Salió del bar dejando a Rachel sola con Rett. Ella se volvió hacia el alcalde.

– ¿Alguna vez le dijo Tom Walling de dónde venía?

– No, nunca lo mencionó. No hablaba demasiado.

– Y usted nunca preguntó.

– Cielo, en un lugar como éste no se hacen preguntas. A la gente que viene aquí no le gusta contestar preguntas. A Tom le gustaba conducir y ganarse unos pavos de vez en cuando, y después venía y echaba una partida solo. No bebía, sólo mascaba chicle. Nunca se mezclaba con las putas y nunca llegaba tarde a recoger a un cliente. Para mí era perfecto. El tipo que conduce para mí ahora, siempre…

– No me importa el tipo que tiene ahora.

Sonó la campana detrás de Rachel y cuando ésta se volvió vio que Bosch estaba entrando. El le hizo una seña con la cabeza para decirle que todo estaba en orden.

– Han tratado de abrir la puerta. Creo que el cierre para niños no funciona.

Rachel asintió con la cabeza y centró su atención nuevamente en Rett, el orgulloso alcalde de una ciudad de burdeles.

– Señor Rett, ¿dónde está el domicilio de Tom Walling?
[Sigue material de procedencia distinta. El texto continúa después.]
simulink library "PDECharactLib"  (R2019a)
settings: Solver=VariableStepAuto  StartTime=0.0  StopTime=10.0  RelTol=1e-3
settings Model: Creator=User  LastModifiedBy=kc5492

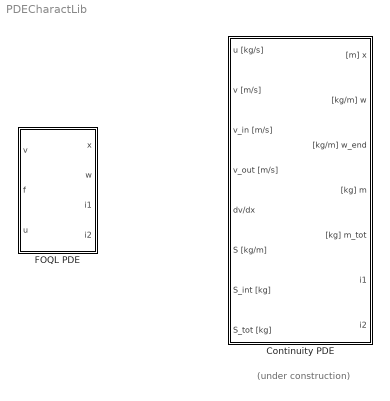
== system PDECharactLib ==
  note: (under construction)
  Continuity PDE : Subsystem  mask(First-order quasilinear PDE solver){ell=1, Nmax=100, x0=0:0.1:1, w0=1:-0.1:0, m0=0.095:-0.01:0.005, initM_tot=0, initX=0, initW=0, initM=0, dx=0.1, dw=0.1, dt=0.1, crossing_tol=1e-11, overflow_err=off}
      mask prompts: ell "Domain length (L)"; Nmax "Maximum number of characteristics (Nmax)"; x0 "x-values"; w0 "w-values"; m0 "m-values"; initM_tot "total mass"; initX "(hidden) Full initial x"; initW "(hidden) Full initial w"; initM "(hidden) Full initial m"; dx "∆x"; dw "∆w"; dt "∆t"; crossing_tol "Tolerance for crossing characteristics"; overflow_err "Terminate on overflow"
      mask help:
      | Implementation of the method of characteristics for the first-order quasilinear PDE
      |
      | 	∂w(t, x)/∂t + v(t, x) ∂w(t, x)/∂x = f(t, x),    t ≥ 0,    x ∈ [0, L],
      | 	w(0, x) = w0(x),
      | 	w(t, 0) = u(t).
      |
      | The functions v, f, and u are provided through the inputs and can also depend on variables other than time.
      |
      | The number of characteristics to be integrated simultaneously is limited by Nmax. The current number of characteristics is output through the port N.
      |
      | Initial state function w0(x) is defined by its grid values (x, w) which also define the initial set of characteristics. The vector of x-values should be non-decreasing and span from 0 to L. The vector of w-values should be the same length as x-values.
      |
      | If the latest characteristic was created at time t0 and currently passes through the point (x, w) then new characteristic is created at the boundary x = 0 if at least one of the conditions is satisfied:
      |     • x > ∆x,
      |     • |w - u(t)| > ∆w,
      |     • t - t0 > ∆t.
      |
      | Error is thrown when two characteristics intersect with overlap more than that defined as "Tolerance for crossing characteristics" or when the flag "Terminate on overflow" is set and the number of characteristics exceeds Nmax.
      mask init:
      | initX = [x0, zeros(1, Nmax-length(x0))];
      | initW = [w0, zeros(1, Nmax-length(w0))];
      | initM = [0, m0, zeros(1, Nmax-length(m0)-1)];
      mask DialogControl Container4 Prompt: Initial state
      mask DialogControl Container3 Prompt: Conditions for creating a new characteristic
  FOQL PDE : Subsystem  mask(First-order quasilinear PDE solver){ell=1, Nmax=100, x0=0:0.1:1, w0=(0:0.1:1).^2, initX=0, initW=0, dx=0.1, dw=0.1, dt=0.1, crossing_tol=1e-11, overflow_err=off}
      mask prompts: ell "Domain length (L)"; Nmax "Maximum number of characteristics (Nmax)"; x0 "x-values"; w0 "w-values"; initX "(hidden) Full initial x"; initW "(hidden) Full initial w"; dx "∆x"; dw "∆w"; dt "∆t"; crossing_tol "Tolerance for crossing characteristics"; overflow_err "Terminate on overflow"
      mask help:
      | Implementation of the method of characteristics for the first-order quasilinear PDE
      |
      | 	∂w(t, x)/∂t + v(t, x) ∂w(t, x)/∂x = f(t, x),    t ≥ 0,    x ∈ [0, L],
      | 	w(0, x) = w0(x),
      | 	w(t, 0) = u(t).
      |
      | The functions v, f, and u are provided through the inputs and can also depend on variables other than time.
      |
      | The number of characteristics to be integrated simultaneously is limited by Nmax. The current number of characteristics is output through the port N.
      |
      | Initial state function w0(x) is defined by its grid values (x, w) which also define the initial set of characteristics. The vector of x-values should be non-decreasing and span from 0 to L. The vector of w-values should be the same length as x-values.
      |
      | If the latest characteristic was created at time t0 and currently passes through the point (x, w) then new characteristic is created at the boundary x = 0 if at least one of the conditions is satisfied:
      |     • x > ∆x,
      |     • |w - u(t)| > ∆w,
      |     • t - t0 > ∆t.
      |
      | Error is thrown when two characteristics intersect with overlap more than that defined as "Tolerance for crossing characteristics" or when the flag "Terminate on overflow" is set and the number of characteristics exceeds Nmax.
      mask init:
      | initX = [x0, zeros(1, Nmax-length(x0))];
      | initW = [w0, zeros(1, Nmax-length(w0))];
      mask DialogControl Container4 Prompt: Initial state
      mask DialogControl Container3 Prompt: Conditions for creating a new characteristic

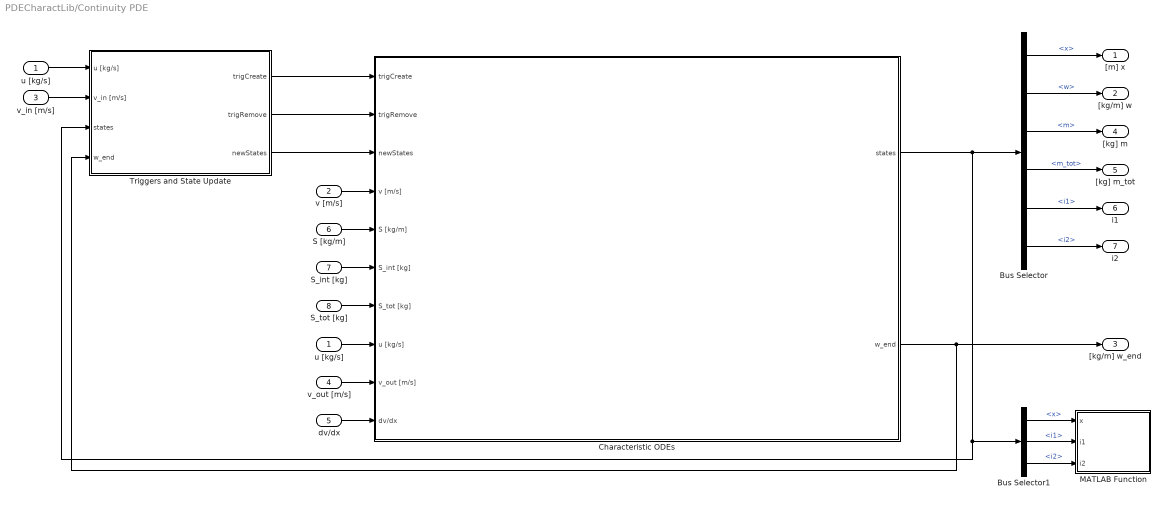
== system PDECharactLib/Continuity PDE ==
  u [kg/s] : Inport
  v [m/s] : Inport  Port=2
  v_in [m/s] : Inport  Port=3
  v_out [m/s] : Inport  Port=4
  dv/dx : Inport  Port=5
  S [kg/m] : Inport  Port=6
  S_int [kg] : Inport  Port=7
  S_tot [kg] : Inport  Port=8
  " u [kg/s] " : InportShadow
  Bus Selector : BusSelector  OutputSignals=x,w,m,m_tot,i1,i2
  Bus Selector1 : BusSelector  OutputSignals=x,i1,i2
  Characteristic ODEs : Subsystem
  MATLAB Function : MATLAB Function  TreatAsAtomicUnit=on
  Triggers and State Update : Subsystem
  "[m] x" : Outport
  "[kg/m] w" : Outport  Port=2
  "[kg/m] w_end" : Outport  Port=3
  "[kg] m" : Outport  Port=4
  "[kg] m_tot" : Outport  Port=5
  i1 : Outport  Port=6
  i2 : Outport  Port=7
  wires:
  u [kg/s]/1 -> Triggers and State Update/1(u [kg/s])
  v [m/s]/1 -> Characteristic ODEs/4(v [m/s])
  Triggers and State Update/1(trigCreate) -> Characteristic ODEs/1(trigCreate)
  Triggers and State Update/2(trigRemove) -> Characteristic ODEs/2(trigRemove)
  S [kg/m]/1 -> Characteristic ODEs/5(S [kg/m])
  S_int [kg]/1 -> Characteristic ODEs/6(S_int [kg])
  S_tot [kg]/1 -> Characteristic ODEs/7(S_tot [kg])
  " u [kg/s] "/1 -> Characteristic ODEs/8(u [kg/s])
  v_out [m/s]/1 -> Characteristic ODEs/9(v_out [m/s])
  dv/dx/1 -> Characteristic ODEs/10(dv/dx)
  Triggers and State Update/3(newStates) -> Characteristic ODEs/3(newStates)
  Characteristic ODEs/1(states) -> Triggers and State Update/3(states), Bus Selector1/1, Bus Selector/1
  Characteristic ODEs/2(w_end) -> Triggers and State Update/4(w_end), "[kg/m] w_end"/1
  Bus Selector/1 -> "[m] x"/1  "<x>"
  Bus Selector/2 -> "[kg/m] w"/1  "<w>"
  Bus Selector/3 -> "[kg] m"/1  "<m>"
  Bus Selector/4 -> "[kg] m_tot"/1  "<m_tot>"
  Bus Selector/5 -> i1/1  "<i1>"
  Bus Selector/6 -> i2/1  "<i2>"
  Bus Selector1/1 -> MATLAB Function/1(x)  "<x>"
  Bus Selector1/2 -> MATLAB Function/2(i1)  "<i1>"
  Bus Selector1/3 -> MATLAB Function/3(i2)  "<i2>"
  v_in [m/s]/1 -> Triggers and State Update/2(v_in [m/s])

– Tiene el remolque sencillo que hay en el risco, al oeste del pueblo. -Rett sonrió, revelando un diente podrido en la fila inferior, y continuó-: Le gustaba estar fuera del pueblo. Me dijo que no le gustaba estar cerca de toda la excitación de por aquí. Así que lo puse allí, detrás de Titanic Rock.

– ¿Titanic Rock?

– Lo reconocerá cuando llegue allí, si ha visto la peli. Además, uno de esos escaladores listillos que vienen por aquí lo marcó. Ya lo verá. Coja la carretera de aquí detrás hacia el oeste, no tiene pérdida. Busque el barco que se hunde.